Be careful about running 190W (=15A) from a cigar lighter type socket, even if it it fused at 15A.

It will not like a constant current close to its max rating - they are designed for intermittent use.

There could be danger of fire due to the plug/socket and/or wiring overheating.


----------



## colpot (Jun 9, 2008)

pippin said:


> Be careful about running 190W (=15A) from a cigar lighter type socket, even if it it fused at 15A.
> 
> It will not like a constant current close to its max rating - they are designed for intermittent use.
> 
> There could be danger of fire due to the plug/socket and/or wiring overheating.


The Temporary Cooler is only rated at 90w so hopefully it wont be overheating?


----------



## pippin (Nov 15, 2007)

Ah, sorry, I hadn't realised that.

Even so, I would check the temperature of the plug end after it has been on a while.

If it is more than warm to the touch on the palm of your hand then be wary.


----------



## Pudsey_Bear (Sep 25, 2008)

You should have a proper wiring diagram for the appliance, failing that Google for one, failing that, the fridge does not normally have it's 12v DC cooling circuit supply come from the LBs, it should come via a heavier cable from the split charge relay, and a larger capacity HD relay triggered by the split charge relay, which again is triggered by a cable direct to the alternator or sometimes it picks it up direct from the VB, it gets a little difficult about there as I'm not familiar with your van, if you have another lighter set of 12v DC wires they are most likely for the interior fridge light and the ignitor.

The reason one set of cables goes of is because the builder in their infinite wisdom decided that there would be no need to have any power going tot he fridge light or the ignitor as you would most likely be driving, and the fridge should be switched manually or via a AES to 12v DC via the thicker cables.

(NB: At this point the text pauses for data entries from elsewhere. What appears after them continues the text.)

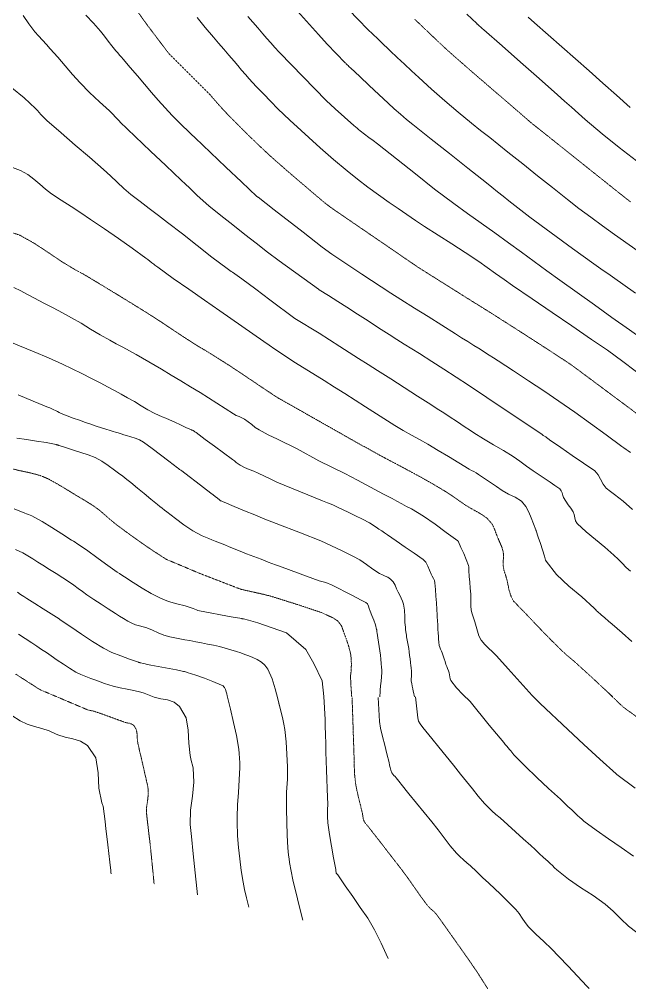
# Model space of a CAD drawing. Header units: inches. Extents: x 2775 to 10242, y 1417 to 8468.
# Drawn here: x 6197 to 7697, y 1417 to 3798 of the extents above; entities that cross this region are included whole.
import ezdxf

# ---------------------------------------------------------------- set-up
doc = ezdxf.new("R2010")
doc.units = ezdxf.units.IN
doc.header["$LTSCALE"] = 0.5
doc.header["$MEASUREMENT"] = 0
doc.linetypes.add('HIDDEN', pattern=[0.375, 0.25, -0.125])
doc.layers.add('VX-TOPO-MAJR', color=1, linetype='HIDDEN', lineweight=20)
doc.layers.add('VX-TOPO-MINR', color=7, linetype='CONTINUOUS', lineweight=5)

msp = doc.modelspace()

# ---------------------------------------------------------------- linework, layer by layer
at = {"layer": 'VX-TOPO-MAJR', "flags": 128}
for points in [[(7506.4, 6356.7), (7443.6, 6198.8), (7416.2, 6136.1), (7401.6, 6106.4), (7385.2, 6077.5), (7367.5, 6049.4), (7350.3, 6023.7), (7332.3, 5998.6), (7313.5, 5974.2), (7284.3, 5938.9), (7254.6, 5904), (7225.4, 5868.8), (7218.8, 5860), (7212.4, 5851), (7205.4, 5842.6), (7168.3, 5803.4), (7131.2, 5764.3), (7094, 5725.2), (7091.2, 5722.2), (7088.4, 5719.1), (7085.5, 5716.1), (7059.5, 5688.6), (7033.5, 5661.1), (7007.5, 5633.6), (6993.2, 5618.3), (6978.9, 5603), (6964.7, 5587.6), (6962.3, 5585), (6960, 5582.4), (6957.7, 5579.7), (6914.3, 5534.2), (6870.5, 5489.1), (6826.2, 5444.4), (6816.2, 5434.4), (6806.2, 5424.4), (6796.1, 5414.4), (6758.7, 5378.4), (6720.9, 5342.8), (6684, 5306.3), (6667.2, 5287.7), (6650.9, 5268.6), (6634.6, 5249.6), (6606.8, 5219.2), (6578.8, 5189), (6551.2, 5158.5), (6535.2, 5139.5), (6519.8, 5120.1), (6505, 5100.2), (6484.6, 5071.6), (6464.4, 5042.9), (6444, 5014.2), (6437, 5004.7), (6429.9, 4995.2), (6423, 4985.6), (6403, 4955.3), (6383.9, 4924.4), (6364.8, 4893.5), (6359.8, 4885.7), (6354.9, 4877.8), (6350.4, 4869.6), (6345.5, 4857.5), (6341.5, 4845), (6337.3, 4832.7), (6317.9, 4781.6), (6298.1, 4730.6), (6278.8, 4679.4), (6272.3, 4660.1), (6266.8, 4640.5), (6262.4, 4620.6), (6254.6, 4575.1), (6248.6, 4529.5), (6243.4, 4483.6), (6240.3, 4454.4), (6237.9, 4425.2), (6237, 4396), (6239.5, 4355.7), (6245.3, 4315.5), (6252.7, 4275.5), (6258.9, 4243.7), (6266.2, 4212.3), (6275.5, 4181.2), (6297.1, 4124.6), (6321.8, 4069.7), (6348.6, 4015.5), (6356.7, 3999.8), (6365.3, 3984.3), (6374.8, 3969.4), (6395.4, 3942.5), (6416.9, 3916.4), (6437.5, 3889.7), (6461.1, 3855.9), (6484.4, 3821.8), (6508.4, 3788.3), (6517.9, 3775.6), (6527.4, 3763), (6537, 3750.3), (6563.9, 3714.9), (6666.5, 3612.4)], [(5303.3, 2566.1), (5304.7, 2556.7), (5308.4, 2536.6), (5313.6, 2518.3), (5319.8, 2514.2), (5320.6, 2515.1), (5321.6, 2516.2), (5322.7, 2517.3), (5323.6, 2518.6), (5323.9, 2519.2), (5324.2, 2519.8), (5324.5, 2520.4), (5324.8, 2521), (5324.9, 2521.1), (5325, 2521.3), (5325, 2521.5), (5325.1, 2521.6), (5326.2, 2521.9), (5327.5, 2521.4), (5328.9, 2520.7), (5330.2, 2520.1), (5336.5, 2518.6), (5342.7, 2517.1), (5349, 2515.8), (5355.4, 2515), (5358.1, 2515), (5360.8, 2515.1), (5363.4, 2515.3), (5366.1, 2515.4), (5371.2, 2515.3), (5376.4, 2515), (5381.6, 2514.6), (5386.7, 2514.5), (5392.1, 2515.7), (5397.4, 2518.4), (5402.6, 2521.1), (5408, 2522.8), (5410.8, 2522.8), (5413.6, 2522.2), (5416.4, 2521.7), (5419.2, 2521.8), (5426.9, 2523.8), (5434.5, 2526.3), (5442.2, 2528.8), (5449.9, 2530.8), (5450.9, 2531), (5451.8, 2531.2), (5452.8, 2531.3), (5453.8, 2531.5), (5485.5, 2541.4), (5517.1, 2551.9), (5548.4, 2563), (5579.6, 2574.6), (5592.1, 2579.3), (5604.6, 2584), (5617.1, 2588.8), (5629.5, 2593.7), (5649.2, 2601.8), (5668.9, 2610.1), (5688.6, 2618.3), (5708.3, 2626.5), (5733.2, 2636.4), (5758.1, 2646), (5783.1, 2655.4), (5808.3, 2664.7), (5817.1, 2667.7), (5826.1, 2670.5), (5835.1, 2673.2), (5844.1, 2675.7), (5876.9, 2684.8), (5909.9, 2693.1), (5943, 2700.1), (5976.4, 2705.4), (5988.7, 2706.7), (6001.1, 2707.3), (6013.5, 2707.6), (6025.9, 2707.8), (6048.3, 2708), (6070.8, 2707.9), (6093.2, 2707.2), (6115.6, 2705.6), (6135.7, 2702.9), (6155.6, 2699.2), (6175.4, 2694.9), (6195.2, 2690.3), (6213.8, 2686.3), (6232.4, 2682.1), (6250.5, 2676.8), (6267.9, 2669.3), (6285.1, 2659.9), (6301.9, 2650), (6318.5, 2640), (6335.1, 2629.8), (6347, 2622.7), (6358.9, 2615.6), (6370.7, 2608.3), (6382.3, 2600.8), (6395.2, 2591.1), (6407.4, 2580.6), (6419.5, 2569.8), (6431.9, 2559.6), (6446.1, 2549), (6460.3, 2538.5), (6474.6, 2528.1), (6489, 2517.8), (6499.2, 2510.6), (6509.5, 2503.6), (6519.8, 2496.6), (6530.2, 2489.7), (6545.5, 2479.8)], [(6528, 1673.4), (6527.2, 1681.7), (6525.3, 1701.8), (6522.8, 1726.6), (6520.6, 1749.1), (6518, 1773.5), (6515.1, 1797.9), (6512.2, 1822.2), (6509.5, 1846.6), (6509.6, 1862.8), (6511.9, 1879.2), (6513.8, 1895.5), (6512.8, 1911.6), (6506.8, 1938.8), (6500.5, 1966.1), (6494.1, 1993.3), (6487.8, 2020.5), (6486.6, 2031.4), (6486.2, 2042.4), (6484.3, 2053.1), (6478.7, 2063), (6473.8, 2066.7), (6468.3, 2068.6), (6462.5, 2069.7), (6456.8, 2071.2), (6438.2, 2077.9), (6419.5, 2084.7), (6400.9, 2091.4), (6382.2, 2097.9), (6377.1, 2099.3), (6371.8, 2100.2), (6366.5, 2101.1), (6247.4, 2151.6), (6187.4, 2189.9), (6187.4, 2189.9)]]:
    msp.add_lwpolyline(points, dxfattribs=at)
at = {"layer": 'VX-TOPO-MAJR'}
for points in [[(7699.1, 3350.4), (7693.5, 3354.5), (7688, 3358.8), (7634.8, 3401.1), (7581.7, 3443.4), (7528.6, 3485.8), (7475.5, 3528.1), (7469.8, 3532.6), (7464.1, 3537.1), (7458.3, 3541.7), (7452.7, 3546.2), (7452.2, 3546.6), (7451.8, 3547), (7451.4, 3547.4), (7451, 3547.8), (7449.8, 3548.8), (7448.7, 3549.8), (7447.5, 3550.8), (7446.4, 3551.8), (7398.1, 3593.6), (7349.6, 3635.2), (7301.2, 3676.9), (7253.2, 3719.1), (7244, 3727.4), (7234.9, 3735.9), (7225.9, 3744.5), (7216.8, 3753), (7200.8, 3768.2), (7184.8, 3783.5), (7168.8, 3798.8)], [(6859.2, 3422.8), (6814.3, 3462.2), (6793.1, 3481.9), (6772.2, 3501.9), (6751.5, 3522), (6730.9, 3542.4), (6720.2, 3553.3), (6709.5, 3564.3), (6699, 3575.4), (6688.7, 3586.7), (6670, 3608.1), (6663, 3616.6)], [(7179.5, 3187.8), (7136.9, 3216.8), (7110.6, 3234.9), (7084.3, 3252.9), (7057.9, 3270.9), (7036.2, 3285.8), (7014.5, 3300.6), (6992.8, 3315.4), (6971.1, 3330.2), (6960.8, 3337.6), (6950.8, 3345.2), (6940.9, 3353.2), (6859.2, 3422.8)], [(6836.2, 2866), (6830.6, 2869.6), (6801.7, 2888.7), (6773, 2908), (6744.3, 2927.3), (6715.4, 2946.4), (6703.7, 2953.9), (6692.1, 2961.3), (6680.4, 2968.7), (6668.6, 2976.1), (6658.6, 2982.2), (6648.5, 2988.2), (6638.4, 2994.2), (6628.3, 3000.3), (6599.1, 3019.1), (6570.2, 3038.4), (6541.3, 3057.6), (6512.1, 3076.3), (6477, 3098.1), (6441.7, 3119.7), (6406.3, 3141.2), (6370.9, 3162.6), (6366.9, 3165), (6362.9, 3167.4), (6358.8, 3169.8), (6354.8, 3172.1), (6350.6, 3174.5), (6346.3, 3176.7), (6342, 3178.9), (6337.7, 3181.1), (6302.4, 3202.3), (6268.1, 3225.4), (6233.6, 3248.1), (6197.5, 3268.3), (6182.5, 3273.3)], [(7042, 2749.9), (6830.6, 2869.6), (6801.7, 2888.7), (6773, 2908), (6744.3, 2927.3), (6715.4, 2946.4), (6703.7, 2953.9), (6692.1, 2961.3), (6680.4, 2968.7), (6668.6, 2976.1), (6658.6, 2982.2), (6648.5, 2988.2), (6638.4, 2994.2), (6628.3, 3000.3), (6599.1, 3019.1), (6570.2, 3038.4), (6541.3, 3057.6), (6512.1, 3076.3), (6477, 3098.1), (6441.7, 3119.7), (6406.3, 3141.2), (6370.9, 3162.6), (6366.9, 3165), (6362.9, 3167.4), (6358.8, 3169.8), (6354.8, 3172.1), (6350.6, 3174.5), (6346.3, 3176.7), (6342, 3178.9), (6337.7, 3181.1), (6302.4, 3202.3), (6268.1, 3225.4), (6233.6, 3248.1), (6197.5, 3268.3), (6182.5, 3273.3)], [(7723.8, 2823.1), (7693.7, 2845.5), (7660.4, 2870.3), (7627.1, 2895.1), (7593.9, 2919.8), (7560.6, 2944.6), (7553.9, 2949.4), (7547, 2954.1), (7540, 2958.8), (7533.1, 2963.3), (7489.5, 2991.6), (7445.9, 3019.9), (7402.1, 3047.9), (7358.3, 3075.8), (7326.5, 3095.6), (7294.7, 3115.4), (7179.5, 3187.8)], [(6935.1, 2810.5), (6932.2, 2812.1)], [(7681.1, 2108.9), (7631.3, 2156.5), (7595.9, 2189.3), (7560.1, 2221.7), (7553.8, 2227), (7547.5, 2232.2), (7541.3, 2237.5), (7535.2, 2243), (7504.4, 2272.9), (7474.6, 2303.7), (7445, 2334.8), (7415.2, 2365.6), (7414.2, 2366.6), (7413.2, 2367.4), (7412.1, 2368.4), (7411.3, 2369.5), (7404.3, 2384.1), (7400, 2399.5), (7396.8, 2415.4), (7392.8, 2430.9), (7391.6, 2434.5), (7390.4, 2438.1), (7389.2, 2441.7), (7388, 2445.3), (7386.1, 2458.6), (7386.6, 2472.5), (7386.8, 2486.2), (7383.9, 2499.3), (7380.8, 2506.7), (7377.6, 2514.1), (7374.4, 2521.5), (7371.3, 2529), (7368.3, 2536.6), (7365.6, 2544.2), (7362.5, 2551.8), (7358.6, 2559.1), (7345.5, 2573.7), (7329.2, 2584.7), (7311.5, 2594.3), (7294.3, 2604.4), (7281.8, 2613.1), (7269.4, 2621.8), (7256.8, 2630.4), (7244.1, 2638.6), (7212.5, 2657.5), (7180.5, 2675.4), (7148.1, 2692.9), (7115.7, 2710.2), (7115.5, 2710.3), (7115.3, 2710.4), (7115.1, 2710.5), (7114.9, 2710.6), (7114.8, 2710.7), (7114.7, 2710.7), (7114.6, 2710.8), (7114.4, 2710.8), (7081.6, 2728.2), (7042.3, 2750.3)], [(7655.4, 2134.7), (7631.3, 2156.5), (7595.9, 2189.3), (7560.1, 2221.7), (7553.8, 2227), (7547.5, 2232.2), (7541.3, 2237.5), (7535.2, 2243), (7504.4, 2272.9), (7474.6, 2303.7), (7445, 2334.8), (7415.2, 2365.6), (7414.2, 2366.6), (7413.2, 2367.4), (7412.1, 2368.4), (7411.3, 2369.5), (7404.3, 2384.1), (7400, 2399.5), (7396.8, 2415.4), (7392.8, 2430.9), (7391.6, 2434.5), (7390.4, 2438.1), (7389.2, 2441.7), (7388, 2445.3), (7386.1, 2458.6), (7386.6, 2472.5), (7386.8, 2486.2), (7383.9, 2499.3), (7380.8, 2506.7), (7377.6, 2514.1), (7374.4, 2521.5), (7371.3, 2529), (7368.3, 2536.6), (7365.6, 2544.2), (7362.5, 2551.8), (7358.6, 2559.1), (7345.5, 2573.7), (7329.2, 2584.7), (7311.5, 2594.3), (7294.3, 2604.4), (7281.8, 2613.1), (7269.4, 2621.8), (7256.8, 2630.4), (7244.1, 2638.6), (7212.5, 2657.5), (7180.5, 2675.4), (7148.1, 2692.9), (7115.7, 2710.2), (7115.5, 2710.3), (7115.3, 2710.4), (7115.1, 2710.5), (7114.9, 2710.6), (7114.8, 2710.7), (7114.7, 2710.7), (7114.6, 2710.8), (7114.4, 2710.8), (7081.6, 2728.2)], [(6545.5, 2479.8), (6558, 2471.8), (6558, 2471.8), (6640.8, 2436.9), (6741.1, 2398.2), (6758.5, 2394.4), (6775.9, 2390.5), (6784.3, 2388.6), (6792.8, 2386.7), (6801.2, 2384.7), (6809.6, 2382.6), (6813, 2381.7), (6816.4, 2380.7), (6819.8, 2379.7), (6823.2, 2378.7), (6886.7, 2358.6)], [(6886.7, 2358.6), (6939.4, 2341.1), (6953, 2334.7), (6966.8, 2328.5), (6979.1, 2320.7), (6987.9, 2309.7), (6989.2, 2307), (6990.2, 2304.2), (6991.2, 2301.3), (6992.2, 2298.5), (6994.8, 2291.3), (6997.4, 2284.1), (7000.1, 2276.9), (7002.6, 2269.6), (7004.3, 2264.6), (7005.9, 2259.6), (7007.3, 2254.5), (7008.7, 2249.4), (7009.6, 2246), (7010.4, 2242.6), (7011, 2239.2), (7011.6, 2235.8), (7012.5, 2227.2), (7012.9, 2218.5), (7012.9, 2209.8), (7012.7, 2201), (7012.3, 2196.4), (7011.7, 2191.7), (7011.1, 2187.1), (7010.9, 2182.4), (7012, 2160.2), (7013.5, 2138.1), (7013.8, 2133.9)], [(7014.7, 2132.5), (7016.8, 2071.4), (7017.5, 2049.1), (7018.3, 2026.7), (7019, 2004.4), (7019.5, 1989), (7019.9, 1973.6), (7020.3, 1958.1), (7020.9, 1942.7), (7023.6, 1918.6), (7028.6, 1894.7), (7034.6, 1871), (7040.2, 1847.1), (7041.1, 1841.9), (7041.8, 1836.6), (7043, 1831.4), (7045.1, 1826.5), (7046.8, 1824), (7048.8, 1821.6), (7050.8, 1819.4), (7052.8, 1817.1), (7055, 1814.3), (7057.2, 1811.4), (7059.5, 1808.6), (7061.7, 1805.7), (7080.7, 1781.5), (7099.5, 1757.2), (7118.3, 1732.9), (7137.2, 1708.6), (7153.2, 1686.9), (7168.6, 1664.9), (7184.1, 1642.8), (7200, 1621.1), (7205.1, 1615.6), (7210.9, 1610.6), (7216.6, 1605.7), (7221.7, 1600.1), (7226.6, 1593.3), (7231.6, 1586.5), (7236.5, 1579.6), (7241.3, 1572.8), (7257.2, 1550.5), (7273, 1528.1), (7288.9, 1505.8), (7304.6, 1483.4), (7322.7, 1456.8), (7340.1, 1429.7), (7348.1, 1417)], [(7722.5, 2079), (7681.1, 2108.9)]]:
    msp.add_lwpolyline(points, dxfattribs=at)
at = {"layer": 'VX-TOPO-MINR'}
for points in [[(6932.2, 3761.3), (6828.7, 3876.8)], [(7731.9, 3219.5), (7695.9, 3244.7), (7660, 3270), (7630.6, 3291), (7601.5, 3312.2), (7572.6, 3333.7), (7544.2, 3355.8), (7507.5, 3385), (7470.9, 3414.2), (7434.2, 3443.4), (7397.6, 3472.6), (7375.3, 3490.3), (7353, 3507.9), (7330.8, 3525.5), (7308.5, 3543.2), (7275.2, 3570.4), (7242.5, 3598.3), (7210.3, 3626.8), (7178.5, 3655.8), (7160.9, 3672), (7143.4, 3688.3), (7125.9, 3704.7), (7108.5, 3721.1), (7100.8, 3728.5), (7093.1, 3735.8), (7085.4, 3743.2), (7077.8, 3750.5), (7053.6, 3774), (7029.7, 3797.8), (7006.5, 3822.3)], [(7296.7, 3811.5), (7321.1, 3788.3), (7321.8, 3787.7), (7322.5, 3787), (7323.1, 3786.4), (7323.8, 3785.8), (7327.4, 3782.6), (7331.1, 3779.4), (7334.7, 3776.3), (7338.3, 3773.2), (7383.8, 3733.2), (7429.2, 3693.1), (7474.6, 3653.1), (7520, 3613), (7537, 3597.8), (7554, 3582.6), (7571, 3567.4), (7588.1, 3552.2), (7629.2, 3517.3), (7671.3, 3483.6), (7714, 3450.6)], [(6932.2, 3135.6), (6835.1, 3205.5), (6807.1, 3226.9), (6779.2, 3248.4), (6751.4, 3270), (6721.5, 3293.3), (6691.7, 3316.7), (6662.5, 3340.7), (6634.2, 3365.9), (6624.4, 3375.2), (6614.6, 3384.5), (6604.8, 3393.8), (6594.9, 3403.2), (6557.2, 3439.1), (6519.4, 3475), (6481.7, 3510.9), (6444.1, 3547), (6443.8, 3547.2), (6443.6, 3547.5), (6443.3, 3547.7), (6443.1, 3548), (6442.7, 3548.5), (6442.3, 3549), (6441.9, 3549.5), (6441.4, 3550), (6418.1, 3573.6), (6393.7, 3596.2), (6369.3, 3618.8), (6346.1, 3642.5), (6327.5, 3663.4), (6309.2, 3684.5), (6290.9, 3705.6), (6272.5, 3726.5), (6263, 3737), (6253.5, 3747.3), (6244, 3757.7), (6234.6, 3768.2), (6219.6, 3787.6), (6206.1, 3808.1)], [(6894.3, 3275.4), (6823, 3330.7), (6783.6, 3361.3), (6783.1, 3361.7), (6782.6, 3362), (6782.1, 3362.4), (6781.6, 3362.8), (6781.4, 3363), (6781.1, 3363.2), (6780.9, 3363.4), (6780.7, 3363.6), (6742.6, 3399.4), (6704.7, 3435.4), (6666.8, 3471.5), (6628.9, 3507.5), (6619.2, 3516.8), (6609.4, 3526.1), (6599.7, 3535.4), (6590, 3544.7), (6572.2, 3562.4), (6555, 3580.8), (6538.2, 3599.6), (6521.7, 3618.6), (6504.3, 3639), (6486.9, 3659.5), (6469.5, 3680), (6452.1, 3700.4), (6447.5, 3705.6), (6442.9, 3710.9), (6438.4, 3716.1), (6433.8, 3721.3), (6424.2, 3733.2), (6415, 3745.3), (6405.8, 3757.5), (6396.4, 3769.5), (6378.6, 3789.5), (6359.9, 3808.7)], [(6634.2, 3802.8), (6653.8, 3778.8), (6673.8, 3755), (6686.5, 3740.2), (6699.2, 3725.5), (6712, 3710.8), (6724.7, 3696.1), (6734, 3685.1), (6743.1, 3674), (6752.3, 3663), (6761.8, 3652.3), (6779.2, 3633.7), (6796.9, 3615.3), (6814.6, 3597), (6832.2, 3578.6), (6861.6, 3551)], [(6836.9, 3716.4), (6835.3, 3718.1), (6825.1, 3729.2), (6815.2, 3740.5), (6805.4, 3751.9), (6795.5, 3763.3), (6783.2, 3777.5), (6770.9, 3791.6), (6758.7, 3805.8)], [(7447.6, 3803.8), (7463, 3790.2), (7496.6, 3760.6), (7530.3, 3731.1), (7563.9, 3701.5), (7597.5, 3671.9), (7631.2, 3642), (7664.8, 3612), (7698.4, 3581.9)], [(7711.2, 3125.8), (7655.1, 3165.8), (7643.7, 3173.8), (7632.3, 3181.8), (7620.9, 3189.8), (7609.5, 3197.9), (7556.5, 3235.7), (7503.9, 3274), (7451.8, 3312.9), (7400.4, 3352.8), (7386.4, 3363.9), (7372.5, 3374.9), (7358.7, 3386), (7344.8, 3397.1), (7299.6, 3432.9), (7254.5, 3468.6), (7209.3, 3504.4), (7164.2, 3540.2), (7148.7, 3552.8), (7133.5, 3565.8), (7118.5, 3579), (7103.8, 3592.5), (7080.4, 3614.2), (7057.1, 3636), (7033.9, 3657.9), (7010.6, 3679.6), (7008.6, 3681.4), (7006.6, 3683.1), (7004.7, 3684.9), (7002.8, 3686.7), (7001.6, 3688), (7000.4, 3689.2), (6999.2, 3690.5), (6998, 3691.7), (6975.7, 3714.8), (6953.4, 3737.9), (6932.2, 3761.3)], [(7719.8, 3019.4), (7696.6, 3035.9), (7653.7, 3066.3), (7610.9, 3096.7), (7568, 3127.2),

When the new fridge arrives it should have all the details you need to sort it out, if not we're only a post away.

Hope you manage to figure it out despite my help


----------



## VanFlair (Nov 21, 2009)

Hi Kev

Our fridge Dometic 7 series AES runs from the LB's the D+ Wire to signal alternator output goes direct to the fridge so I guess all switching is in the fridge.

I have a solar regulator AES signal going to the fridge D+ terminal and this runs it on solar from the LB's.

Martin


----------



## Pudsey_Bear (Sep 25, 2008)

It probably Does Martin, but there will be a split charge relay of some type in there somewhere though, as the loads will be too high for direct switching I would think.

A relay is only a big switch to handle greater loads really, triggered by a smaller switch placed more conveniently, or to save it from melting etc.


----------



## colpot (Jun 9, 2008)

Thanks for the info - I am going to try to use the 12v feed for the Fridge to run the temporary Coolbox while we are on the move but at the moment I cant get 12v to the larger cables when the engine is running. The wiring diagram I have is ok but if only it had the location of relays etc it would save me a lot of hunting. I am thinking either the in line fuse (I havent been able to locate this yet) or the relay need changing.


----------



## Pudsey_Bear (Sep 25, 2008)

Hmm, sound like you might need an auto sparky, or a useful neighbour who likes a challenge.


----------



## colpot (Jun 9, 2008)

Well it looks like I have sorted it (with the help of the AA (roadside not alcohol!)
Went to start the van as I wanted to test the 12v feed and it wouldnt start - just turned over.
Thought I must have blown a fuse so tested all the obvious (to me!) ones like fuel pump and starter.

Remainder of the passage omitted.